Yazar: Gary Small - Gigi Morgan
Çeviri: Duygu Akın
Orijinal Dili: İngilizce
Basım Yılı: 2010 / Türkçe İlk Baskı: 2013
Yayınevi: NTV Yayınları
İnsan psikolojisine ve insan beyninin bilinmeyenlerine duyduğum saplantı derecesinde merak yüzünden bi' solukta okudum kitabı :)
Başucu eserim olmadı fakat "iyi ki okuma imkânı buldum'' diyebiliyorum gönül rahatlığıyla.
Bir de, hep merak ederdim ''Psikiyatristlerde mesleki deformasyon nasıl olur acaba?" diye, bunun da cevabını bi' şekilde almış oldum bu kitapla.
Örnek vakalar, ilginç vakalar, "aynısı benim kaynımda da var" diyebileceğiniz vakalar, ekstrem vakalar...

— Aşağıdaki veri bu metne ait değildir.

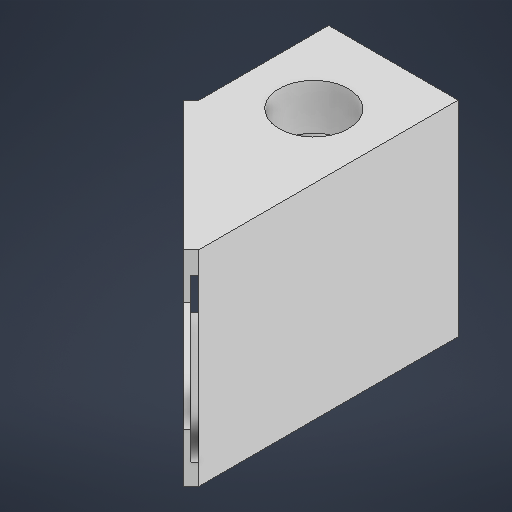
# Autodesk Inventor part: Camera Holder V2 BP Height and 45 Deg
Saved by Autodesk Inventor 2026 (Build 300175000, 175)
## iProperties
Created: 2026-01-21
Part Number: Camera Holder V2 BP Height and 45 Deg
Material: Generic
Document SubType Name: Modeling
Designer: FiolkaLab
Density: 1 g/cm^3
Appearance: Default
Author: FiolkaLab
Autodesk Inventor part; units mm, degrees
ref_plane "YZ Plane" through (0, 0, 0) normal (1, 0, 0) x (0, 1, 0)
ref_plane "XZ Plane" through (0, 0, 0) normal (0, 1, 0) x (-1, 0, 0)
ref_plane "XY Plane" through (0, 0, 0) normal (0, 0, 1) x (1, 0, 0)
sketch "Sketch1" plane through (0, 0, 0) normal (0, 0, 1) x (1, 0, 0)
  line L0 (9, 14.25) -> (-9, 14.25)
  line L1 (-9, 14.25) -> (-9, -14.25)
  line L2 (-9, -14.25) -> (9, -14.25)
  line L3 (9, -14.25) -> (9, 14.25)
  line L4 (9, 14.25) -> (-9, -14.25) construction
  line L5 (-9, 14.25) -> (9, -14.25) construction
  point P0 (0, 0)
  dimension "d0" = 28.5
  dimension "d1" = 18
  constraints: 12 end point, 2 midpoint, 2 parallel, 1 horizontal, 1 perpendicular
  measures "d0" distance of L2.end L0.start
  measures "d1" distance of L1.end L2.end
extrude "Extrusion1" add sketch "Sketch1" against normal blind 25.4
sketch "Sketch3" plane through (0, 0, -25.4) normal (0, 0, -1) x (-1, 0, 0)
  line L0 (-7.625, 7.875) -> (7.625, 7.875)
  line L1 (7.625, 7.875) -> (7.625, -7.375)
  line L2 (7.625, -7.375) -> (-7.625, -7.375)
  line L3 (-7.625, -7.375) -> (-7.625, 7.875)
  line L4 (-9, -14.25) -> (9, -14.25) projected
  line L5 (9, -14.25) -> (9, 14.25) projected
  line L6 (9, 14.25) -> (-9, 14.25) projected
  point P0 (0, 0)
  dimension "d7" = 15.25
  dimension "d8" = 15.25
  dimension "d10" = 1.375
  dimension "d186" = 6.375
  constraints: 8 end point, 2 parallel, 1 horizontal, 1 perpendicular
  measures "d7" distance of L0.end L1.end
  measures "d8" distance of L0.start L0.end
  measures "d10" distance between parallel lines of L5 L1
  measures "d186" distance between parallel lines of L6 L0
extrude "Extrusion2" cut sketch "Sketch3" against normal blind 23.4
sketch "Sketch4" plane through (0, 0, 0) normal (0, 0, 1) x (1, 0, 0)
  line L0 (-7.625, 7.875) -> (-7.625, -7.375) projected
  line L1 (-7.625, -7.375) -> (7.625, -7.375) projected
  line L2 (7.625, -7.375) -> (7.625, 7.875) projected
  line L3 (7.625, 7.875) -> (-7.625, 7.875) projected
  line L4 (-9, -14.25) -> (-9, 14.25) projected
  line L5 (-9, 14.25) -> (9, 14.25) projected
  line L6 (9, 14.25) -> (9, -14.25) projected
  line L7 (9, -14.25) -> (-9, -14.25) projected
  line L8 (7.625, -7.375) -> (4.625, -7.375)
  line L9 (7.625, -7.375) -> (7.625, -4.375)
  line L10 (7.625, -4.375) -> (6.25, -4.375)
  line L11 (4.625, -7.375) -> (4.625, -6)
  line L12 (4.625, -6) -> (6.25, -4.375)
  line L13 (7.625, 7.875) -> (-7.625, 7.875) projected
  line L14 (-7.625, 7.875) -> (-4.625, 7.875)
  line L15 (-4.625, 7.875) -> (-4.625, 6.5)
  line L16 (-7.625, 7.875) -> (-7.625, -7.375) projected
  line L17 (-7.625, 7.875) -> (-7.625, 4.875)
  line L18 (-7.625, 4.875) -> (-6.25, 4.875)
  line L19 (-6.25, 4.875) -> (-4.625, 6.5)
  point P0 (0, 0)
  dimension "d21" = 3
  dimension "d22" = 3
  dimension "d23" = 1.375
  dimension "d24" = 1.375
  dimension "d60" = 3
  dimension "d61" = 1.375
  dimension "d62" = 3
  dimension "d63" = 1.375
  constraints: 20 end point, 4 point on line, 2 vertical, 1 horizontal, 1 perpendicular
  measures "d21" distance of L1.end L8.end
  measures "d22" distance of L1.end L9.end
  measures "d23" distance of L9.end L10.end
  measures "d24" distance of L8.end L11.end
  measures "d60" distance of L0.start L14.end
  measures "d61" distance of L14.end L15.end
  measures "d62" distance of L0.start L17.end
  measures "d63" distance of L17.end L18.end
sketch "Sketch6" plane through (-7.625, -7.375, -25.4) normal (0, 1, 0) x (1, 0, 0)
  line L0 (0, -23.4) -> (15.25, -23.4) projected
  point P0 (7.625, -25.4)
  point P1 (7.7785, -18.15)
  dimension "d20" = 5.25
  measures "d20" distance from line of L0 point (7.779, -18.15)
hole "Hole1" [suppressed]
sketch "Sketch7" plane through (0, 0, 0) normal (0, 0, 1) x (1, 0, 0)
  line L0 (-7.625, -7.375) -> (7.625, -7.375) projected
  line L1 (4.6166, -7.375) -> (4.6166, -6.0121)
  line L2 (4.6166, -6.0121) -> (6.2367, -4.3791)
  line L3 (6.2367, -4.3791) -> (7.625, -4.3791)
  line L4 (7.625, -4.3791) -> (7.625, 7.8472)
  line L5 (7.625, 7.875) -> (-7.625, 7.875) projected
  line L6 (7.625, 7.8472) -> (-7.625, 7.875)
  line L7 (-7.625, 7.875) -> (-7.625, -7.375)
  line L8 (-7.625, -7.375) -> (4.6166, -7.375)
  point P0 (0, 0)
  constraints: 14 end point, 3 perpendicular, 1 parallel, 1 point on line, 1 vertical
extrude "Extrusion3" cut sketch "Sketch4" against normal through all contours L3 L15 L19 L18 L0 | L18 L19 L15 L3 L2 L10 L12 L11 L1 L0
sketch "Sketch8" plane through (0, 0, 0) normal (0, 0, 1) x (1, 0, 0)
  circle A0 centre (6.25, -6) radius 1.05
  line L0 (4.625, -6) -> (4.625, -7.375) projected
  line L1 (7.625, -4.375) -> (6.25, -4.375) projected
  point P0 (0, 0)
  dimension "d27" = 2.1
  dimension "d28" = 1.625
  dimension "d29" = 1.625
  constraints: 1 centre point
  measures "d27" diameter of A0
  measures "d28" distance from line of L0 A0.centre
  measures "d29" distance from line of L1 A0.centre
extrude "Extrusion4" cut sketch "Sketch8" against normal blind 25.4
sketch "Sketch9" plane through (4.625, -6, -2) normal (-0.7071068, 0.7071068, 0) x (-0.7071068, -0.7071068, 0)
  line L0 (0, 0) -> (-2.2981, 0) projected
  line L1 (0, 2) -> (0, 0) projected
  line L2 (-2.2981, 2) -> (0, 2) projected
  line L3 (-2.2981, 2) -> (-2.2981, 0) projected
  point P0 (-0.9723, 2)
extrude "Extrusion5" add sketch "Sketch9" along normal blind 0.175
sketch "Sketch10" plane through (0, 0, -25.4) normal (0, 0, -1) x (-1, 0, 0)
  line L0 (-7.625, -7.375) -> (-7.625, 7.875) projected
  line L1 (-9, 14.25) -> (-9, -14.25) projected
  circle A0 centre (-7.225, -6.925) radius 0.8
  line L2 (7.625, -7.375) -> (-7.625, -7.375) projected
  point P0 (0, 0)
  dimension "d41" = 1.6
  dimension "d42" = 1.775
  dimension "d46" = 1.25
  constraints: 1 centre point
  measures "d41" diameter of A0
  measures "d42" distance from line of L1 A0.centre
extrude "Extrusion6" cut sketch "Sketch10" against normal up to surface (23.4 mm away)
pattern_linear "Rectangular Pattern1" count 2 spacing 14.45 along (-1, 0, 0) count 2 spacing 14.45 along (0, 1, 0) of "Extrusion6" first direction both ways yes
sketch "Sketch15" plane through (0, 0, 0) normal (0, 0, 1) x (1, 0, 0)
  line L0 (-7.625, 7.875) -> (7.625, 7.875) projected
  line L1 (-7.625, 7.875) -> (-4.625, 7.875)
  line L2 (-7.625, -7.375) -> (-7.625, 7.875) projected
  line L3 (-7.625, 7.875) -> (-7.625, 4.875)
  line L4 (-7.625, 4.875) -> (-6.25, 4.875)
  line L5 (-4.625, 7.875) -> (-4.625, 6.5)
  line L6 (-4.625, 6.5) -> (-6.25, 4.875)
  point P0 (0, 0)
  dimension "d64" = 3
  dimension "d65" = 3
  dimension "d66" = 1.375
  dimension "d67" = 1.375
  constraints: 10 end point, 2 perpendicular, 2 point on line
  measures "d64" distance of L0.start L1.end
  measures "d65" distance of L0.start L3.end
  measures "d66" distance of L3.end L4.end
  measures "d67" distance of L1.end L5.end
extrude "Extrusion9" add sketch "Sketch15" against normal blind 2
sketch "Sketch16" plane through (0, 0, 0) normal (0, 0, 1) x (1, 0, 0)
  circle A0 centre (-6.25, 6.5) radius 1.05
  line L0 (-7.625, 4.875) -> (-6.25, 4.875) projected
  line L1 (-4.625, 6.5) -> (-4.625, 7.875) projected
  point P0 (0, 0)
  dimension "d70" = 2.1
  dimension "d71" = 1.625
  dimension "d72" = 1.625
  constraints: 1 centre point
  measures "d70" diameter of A0
  measures "d71" distance from line of L0 A0.centre
  measures "d72" distance from line of L1 A0.centre
extrude "Extrusion10" cut sketch "Sketch16" against normal blind 2
sketch "Sketch11" plane through (-9, 14.25, 0) normal (0, 1, 0) x (1, 0, 0)
  circle A0 centre (9.1535, 7.25) radius 4.8 projected
  point P0 (9, 0)
extrude "Extrusion7" [suppressed]
chamfer "Chamfer1" [suppressed]
sketch "Sketch14" plane through (-7.625, -13.2465, 0) normal (-0.7660444, 0, 0.6427876) x (0.6427876, 0, 0.7660444)
  line L0 (-2.1391, 0) -> (0, 0) projected
  line L1 (0, 0) -> (0, 4.868) projected
  line L2 (0, 26.493) -> (-2.1391, 26.493) projected
  line L3 (-2.1391, 26.493) -> (-2.1391, 0) projected
  line L4 (0, 4.868) -> (0, 17.118) projected
  line L5 (0, 17.118) -> (0, 26.493) projected
  point P0 (4.9013, 13.2465)
extrude "Extrusion8" [suppressed]
chamfer "Chamfer2" [suppressed]
sketch "Sketch17" plane through (-6.25, 4.875, 0) normal (0.7071068, -0.7071068, 0) x (-0.7071068, -0.7071068, 0)
  line L0 (0, 0) -> (-2.2981, 0) projected
  line L1 (0, 0) -> (0, 2) projected
  line L2 (-2.2981, 2) -> (0, 2) projected
  line L3 (-2.2981, 0) -> (-2.2981, 2) projected
  point P0 (-0.9723, 0)
extrude "Extrusion11" add sketch "Sketch17" along normal blind 0.175
sketch "Sketch18" plane through (7.625, -13.2465, 0) normal (0.8660254, 0, 0.5) x (0.5, 0, -0.8660254)
  line L0 (2.75, 26.493) -> (0, 26.493) projected
  line L1 (0, 26.493) -> (0, 20.118) projected
  line L2 (0, 0) -> (2.75, 0) projected
  line L3 (2.75, 0) -> (2.75, 26.493) projected
  line L4 (0, 20.118) -> (0, 7.868) projected
  line L5 (0, 7.868) -> (0, 0) projected
  point P0 (-3.8125, 13.2465)
extrude "Extrusion12" [suppressed]
sketch "Sketch26" plane through (-9, 14.25, -25.4) normal (0, 1, 0) x (1, 0, 0)
  line L0 (1.375, -25.4) -> (-2.0891, -27.4) projected
  line L1 (21.4641, -25.0184) -> (20.0891, -27.4) projected
  line L2 (-2.0891, -27.4) -> (20.0891, -27.4)
  line L3 (20.0891, -27.4) -> (16.625, -25.4)
  line L4 (18, -25.4) -> (0, -25.4) projected
  line L5 (16.625, -25.4) -> (1.375, -25.4)
  line L6 (1.375, -25.4) -> (-2.0891, -27.4)
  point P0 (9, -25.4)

Kitabı beğenip beğenmemeniz elbette kitaptan ne beklediğinize bağlı.
Arka Kapak Yazısı:
"Gerçek hikâyeler kurgudan çok daha tuhaftır, Dr. Gary Small da bunu gayet iyi biliyor. Psikiyatriyle ve insan beyni üstüne çığır açıcı araştırmalarla geçen 30 yıl içinde Dr. Small pek çok şey görmüş. Artık ofisinin kapılarını açmaya ve kariyerinin en gizemli, ilginç ve tuhaf hastalarını anlatmaya hazır.
Bir Psikiyatristin Gizli Defteri doktorun en şaşırtıcı vakalarının etkileyici kayıtlarından oluşuyor. Bu kitap bir psikiyatristin zihnine ve onun giderek gelişen mesleki yaşamına yapılan aydınlatıcı bir yolculuk. Kitabı okurken kendinizi, bizi insan yapan şaşırtıcı tuhaflıklar üstüne düşünürken bulacaksınız.
Sıkça komik, kimi zaman trajik ve daima etkileyici Dr. Small, sizleri kariyeri boyunca Boston'un kalabalık acil servis koridorlarından başlayıp ülke elitlerinin multimilyon dolarlık kayak localarına dek uzayan bir geziye çıkarıyor. Bu gezi sırasında birbirinden tuhaf gerçek karakterleri anlatırken, histerik körlükle, penisinin küçüldüğüne inanan bir adamla, gizli sürdürülen çifte hayatlarla ve ürkütücü derecede psikotik romantik arzularla baş ediyor. Akıl hocası kendi hastası olduğunda ise kariyeri ve kişisel hayatı tam bir döngüyü tamamlayarak Small'un kimsenin zihinsel araştırmanın ötesinde olmadığını anlamasını sağlıyor; kendisinin bile..."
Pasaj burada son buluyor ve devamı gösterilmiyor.